Tuesday, October 30, 2007

The Gospel of Fanny Price

I certainly hope this will be the last posting that has the unfortunate name “Jane Austen” written in it, but I can’t help it. For the most distasteful thing I’ve read this semester, Mansfield Park has sure had a lot of things for me to be listening to!

Fanny Price is the least-loved of Austen’s heroines, which is interesting for me because she is also the one I identify most with. I was almost hurt to hear the women in my class yesterday rail on this timid, sensitive, reserved girl who never fought back as various damaging outside forces pressed in on her (I’m sure many of you are amused that I would claim to identify with such a character, but you’ll have to just roll with me for now).

“I hated her!” one of my classmates exclaimed. “I just wanted to slap her. She never did anything to defend herself. Was I supposed to be feeling sorry for her?”

“I wrestled with that too,” admitted an ardent feminist. “But you have to remember the time she was living in. There was only so much she could do with society the way it was. Sometimes all you can ask for is baby steps, which to her credit she did at the end of the novel.”

It’s interesting that our cultural love of strong, independent women includes the inverse, a hatred of the mild, submissive one.

It’s interesting that even in our modern post-Christian western culture, a gospel of a God of the underdog is just as countercultural as it was when it was first introduced to humanity. A Gospel that asserts that it is the weak who are strong and the blind who see and the poor who are rich and the last who are first is just as upsetting as it ever was, despite our culture of humanitarianism. It’s certainly upsetting to imagine that we are supposed to be those people.

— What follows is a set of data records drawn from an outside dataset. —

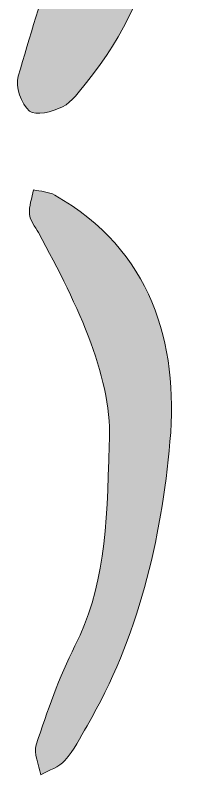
# Model space of a CAD drawing. Header units: centimetres. Extents: x -3.2 to 24.3, y 7.3 to 22.4.
# Drawn here: x 5.142 to 5.65, y 12.895 to 15.014 of the extents above; entities that cross this region are included whole.
import ezdxf

# ---------------------------------------------------------------- set-up
doc = ezdxf.new("R2010")
doc.units = ezdxf.units.CM
doc.header["$MEASUREMENT"] = 0
doc.layers.add('Layer 1', color=7, linetype='Continuous', lineweight=0)

msp = doc.modelspace()

# ---------------------------------------------------------------- hatches: boundary and pattern name
at = {"layer": 'Layer 1', "true_color": 0x000000, "transparency": 33554687}
h = msp.add_hatch(color=18, dxfattribs=at)
h.dxf.hatch_style = 2
edge = h.paths.add_edge_path()
edge.add_spline(control_points=[(5.6499, 15.7458), (5.5864, 15.4151), (5.558, 15.0903), (5.3413, 14.8265), (5.3211, 14.8019), (5.3015, 14.7724), (5.2747, 14.7588), (5.2473, 14.7449), (5.1985, 14.733), (5.1822, 14.747), (5.1596, 14.7665), (5.1423, 14.8157), (5.1507, 14.844), (5.2156, 15.0644), (5.2844, 15.2838), (5.3578, 15.5016), (5.4017, 15.6318), (5.5111, 15.7221), (5.6499, 15.7458)], knot_values=[0, 0, 0, 0, 1, 1, 1, 2, 2, 2, 3, 3, 3, 4, 4, 4, 5, 5, 5, 6, 6, 6, 6], degree=3, periodic=0)
h = msp.add_hatch(color=18, dxfattribs=at)
h.dxf.hatch_style = 2
edge = h.paths.add_edge_path()
edge.add_spline(control_points=[(5.4045, 13.8153), (5.4183, 13.9923), (5.3199, 14.2021), (5.2074, 14.4078), (5.1982, 14.4247), (5.1838, 14.4413), (5.1823, 14.459), (5.1804, 14.4812), (5.1892, 14.5044), (5.1934, 14.5272), (5.2134, 14.5225), (5.2359, 14.5222), (5.253, 14.5125), (5.5228, 14.3599), (5.5992, 14.0992), (5.5749, 13.8248), (5.5507, 13.5512), (5.4862, 13.2769), (5.3431, 13.032), (5.3238, 12.9989), (5.3063, 12.9637), (5.2814, 12.9352), (5.265, 12.9165), (5.2367, 12.9082), (5.2137, 12.8952), (5.2088, 12.9233), (5.1929, 12.9552), (5.201, 12.979), (5.2325, 13.0726), (5.2647, 13.1671), (5.3094, 13.2549), (5.3892, 13.4117), (5.4003, 13.5785), (5.4045, 13.8153)], knot_values=[0, 0, 0, 0, 1, 1, 1, 2, 2, 2, 3, 3, 3, 4, 4, 4, 5, 5, 5, 6, 6, 6, 7, 7, 7, 8, 8, 8, 9, 9, 9, 10, 10, 10, 11, 11, 11, 11], degree=3, periodic=0)

# ---------------------------------------------------------------- linework, layer by layer
at = {"layer": 'Layer 1', "color": 18, "lineweight": 0, "true_color": 0x000000}
for points, knots in [([(5.6499, 15.7458), (5.5864, 15.4151), (5.558, 15.0903), (5.3413, 14.8265), (5.3211, 14.8019), (5.3015, 14.7724), (5.2747, 14.7588), (5.2473, 14.7449), (5.1985, 14.733), (5.1822, 14.747), (5.1596, 14.7665), (5.1423, 14.8157), (5.1507, 14.844), (5.2156, 15.0644), (5.2844, 15.2838), (5.3578, 15.5016), (5.4017, 15.6318), (5.5111, 15.7221), (5.6499, 15.7458)], [0, 0, 0, 0, 1, 1, 1, 2, 2, 2, 3, 3, 3, 4, 4, 4, 5, 5, 5, 6, 6, 6, 6]), ([(5.6499, 15.7458), (5.5864, 15.4151), (5.558, 15.0903), (5.3413, 14.8265), (5.3211, 14.8019), (5.3015, 14.7724), (5.2747, 14.7588), (5.2473, 14.7449), (5.1985, 14.733), (5.1822, 14.747), (5.1596, 14.7665), (5.1423, 14.8157), (5.1507, 14.844), (5.2156, 15.0644), (5.2844, 15.2838), (5.3578, 15.5016), (5.4017, 15.6318), (5.5111, 15.7221), (5.6499, 15.7458)], [0, 0, 0, 0, 1, 1, 1, 2, 2, 2, 3, 3, 3, 4, 4, 4, 5, 5, 5, 6, 6, 6, 6]), ([(5.4045, 13.8153), (5.4183, 13.9923), (5.3199, 14.2021), (5.2074, 14.4078), (5.1982, 14.4247), (5.1838, 14.4413), (5.1823, 14.459), (5.1804, 14.4812), (5.1892, 14.5044), (5.1934, 14.5272), (5.2134, 14.5225), (5.2359, 14.5222), (5.253, 14.5125), (5.5228, 14.3599), (5.5992, 14.0992), (5.5749, 13.8248), (5.5507, 13.5512), (5.4862, 13.2769), (5.3431, 13.032), (5.3238, 12.9989), (5.3063, 12.9637), (5.2814, 12.9352), (5.265, 12.9165), (5.2367, 12.9082), (5.2137, 12.8952), (5.2088, 12.9233), (5.1929, 12.9552), (5.201, 12.979), (5.2325, 13.0726), (5.2647, 13.1671), (5.3094, 13.2549), (5.3892, 13.4117), (5.4003, 13.5785), (5.4045, 13.8153)], [0, 0, 0, 0, 1, 1, 1, 2, 2, 2, 3, 3, 3, 4, 4, 4, 5, 5, 5, 6, 6, 6, 7, 7, 7, 8, 8, 8, 9, 9, 9, 10, 10, 10, 11, 11, 11, 11]), ([(5.4045, 13.8153), (5.4183, 13.9923), (5.3199, 14.2021), (5.2074, 14.4078), (5.1982, 14.4247), (5.1838, 14.4413), (5.1823, 14.459), (5.1804, 14.4812), (5.1892, 14.5044), (5.1934, 14.5272), (5.2134, 14.5225), (5.2359, 14.5222), (5.253, 14.5125), (5.5228, 14.3599), (5.5992, 14.0992), (5.5749, 13.8248), (5.5507, 13.5512), (5.4862, 13.2769), (5.3431, 13.032), (5.3238, 12.9989), (5.3063, 12.9637), (5.2814, 12.9352), (5.265, 12.9165), (5.2367, 12.9082), (5.2137, 12.8952), (5.2088, 12.9233), (5.1929, 12.9552), (5.201, 12.979), (5.2325, 13.0726), (5.2647, 13.1671), (5.3094, 13.2549), (5.3892, 13.4117), (5.4003, 13.5785), (5.4045, 13.8153)], [0, 0, 0, 0, 1, 1, 1, 2, 2, 2, 3, 3, 3, 4, 4, 4, 5, 5, 5, 6, 6, 6, 7, 7, 7, 8, 8, 8, 9, 9, 9, 10, 10, 10, 11, 11, 11, 11])]:
    msp.add_open_spline(points, degree=3, knots=knots, dxfattribs=at)
at = {"layer": 'Layer 1'}
for points, knots in [([(5.6499, 15.7458), (5.5864, 15.4151), (5.558, 15.0903), (5.3413, 14.8265), (5.3211, 14.8019), (5.3015, 14.7724), (5.2747, 14.7588), (5.2473, 14.7449), (5.1985, 14.733), (5.1822, 14.747), (5.1596, 14.7665), (5.1423, 14.8157), (5.1507, 14.844), (5.2156, 15.0644), (5.2844, 15.2838), (5.3578, 15.5016), (5.4017, 15.6318), (5.5111, 15.7221), (5.6499, 15.7458)], [0, 0, 0, 0, 1, 1, 1, 2, 2, 2, 3, 3, 3, 4, 4, 4, 5, 5, 5, 6, 6, 6, 6]), ([(5.4045, 13.8153), (5.4183, 13.9923), (5.3199, 14.2021), (5.2074, 14.4078), (5.1982, 14.4247), (5.1838, 14.4413), (5.1823, 14.459), (5.1804, 14.4812), (5.1892, 14.5044), (5.1934, 14.5272), (5.2134, 14.5225), (5.2359, 14.5222), (5.253, 14.5125), (5.5228, 14.3599), (5.5992, 14.0992), (5.5749, 13.8248), (5.5507, 13.5512), (5.4862, 13.2769), (5.3431, 13.032), (5.3238, 12.9989), (5.3063, 12.9637), (5.2814, 12.9352), (5.265, 12.9165), (5.2367, 12.9082), (5.2137, 12.8952), (5.2088, 12.9233), (5.1929, 12.9552), (5.201, 12.979), (5.2325, 13.0726), (5.2647, 13.1671), (5.3094, 13.2549), (5.3892, 13.4117), (5.4003, 13.5785), (5.4045, 13.8153)], [0, 0, 0, 0, 1, 1, 1, 2, 2, 2, 3, 3, 3, 4, 4, 4, 5, 5, 5, 6, 6, 6, 7, 7, 7, 8, 8, 8, 9, 9, 9, 10, 10, 10, 11, 11, 11, 11])]:
    msp.add_open_spline(points, degree=3, knots=knots, dxfattribs=at)

doc.saveas('drawing.dxf')

There are a lot of explosive theological debates about women’s ordination that I have absolutely no intention of addressing today. Whatever my theological stance, most people know that I at least attend a church that does not ordain women, so I obviously am not offended by that position. Submission to the authority of a Church who withholds certain positions of authority to me because of attributes I was born with does not feel degrading to me; I can actually receive it as somewhat of a gift. Submission is a very Christian muscle; I am not offended to be allowed the chance to use it.

In a culture of rebellion, we are pleased to hear that the Gospel is subversive, but we rarely think of it as being subversive to ourselves. Might the Gospel subvert my own principles and the traits I admire? Might it subvert my own values?

When it does, I pray that I respond as a weak, submissive woman who allows herself to be acted upon, in whatever way the Gospel chooses to act upon me.

2 comments:

Anonymous said...

Hey, Em
I started reading your blog when you first began, but it seemed too esoteric and impersonal, so I drifted away from it. I just popped back in to take a look and loved your last page of blogs... I copied all but one (the short one) into my files. I love them because they are personal and because they focus on redemption/grace. Thanks for the insight and encouragement.

Em the luddite said...

I guess I can [often] get a little [too] esoteric... but I'm glad you can bear with me anyway!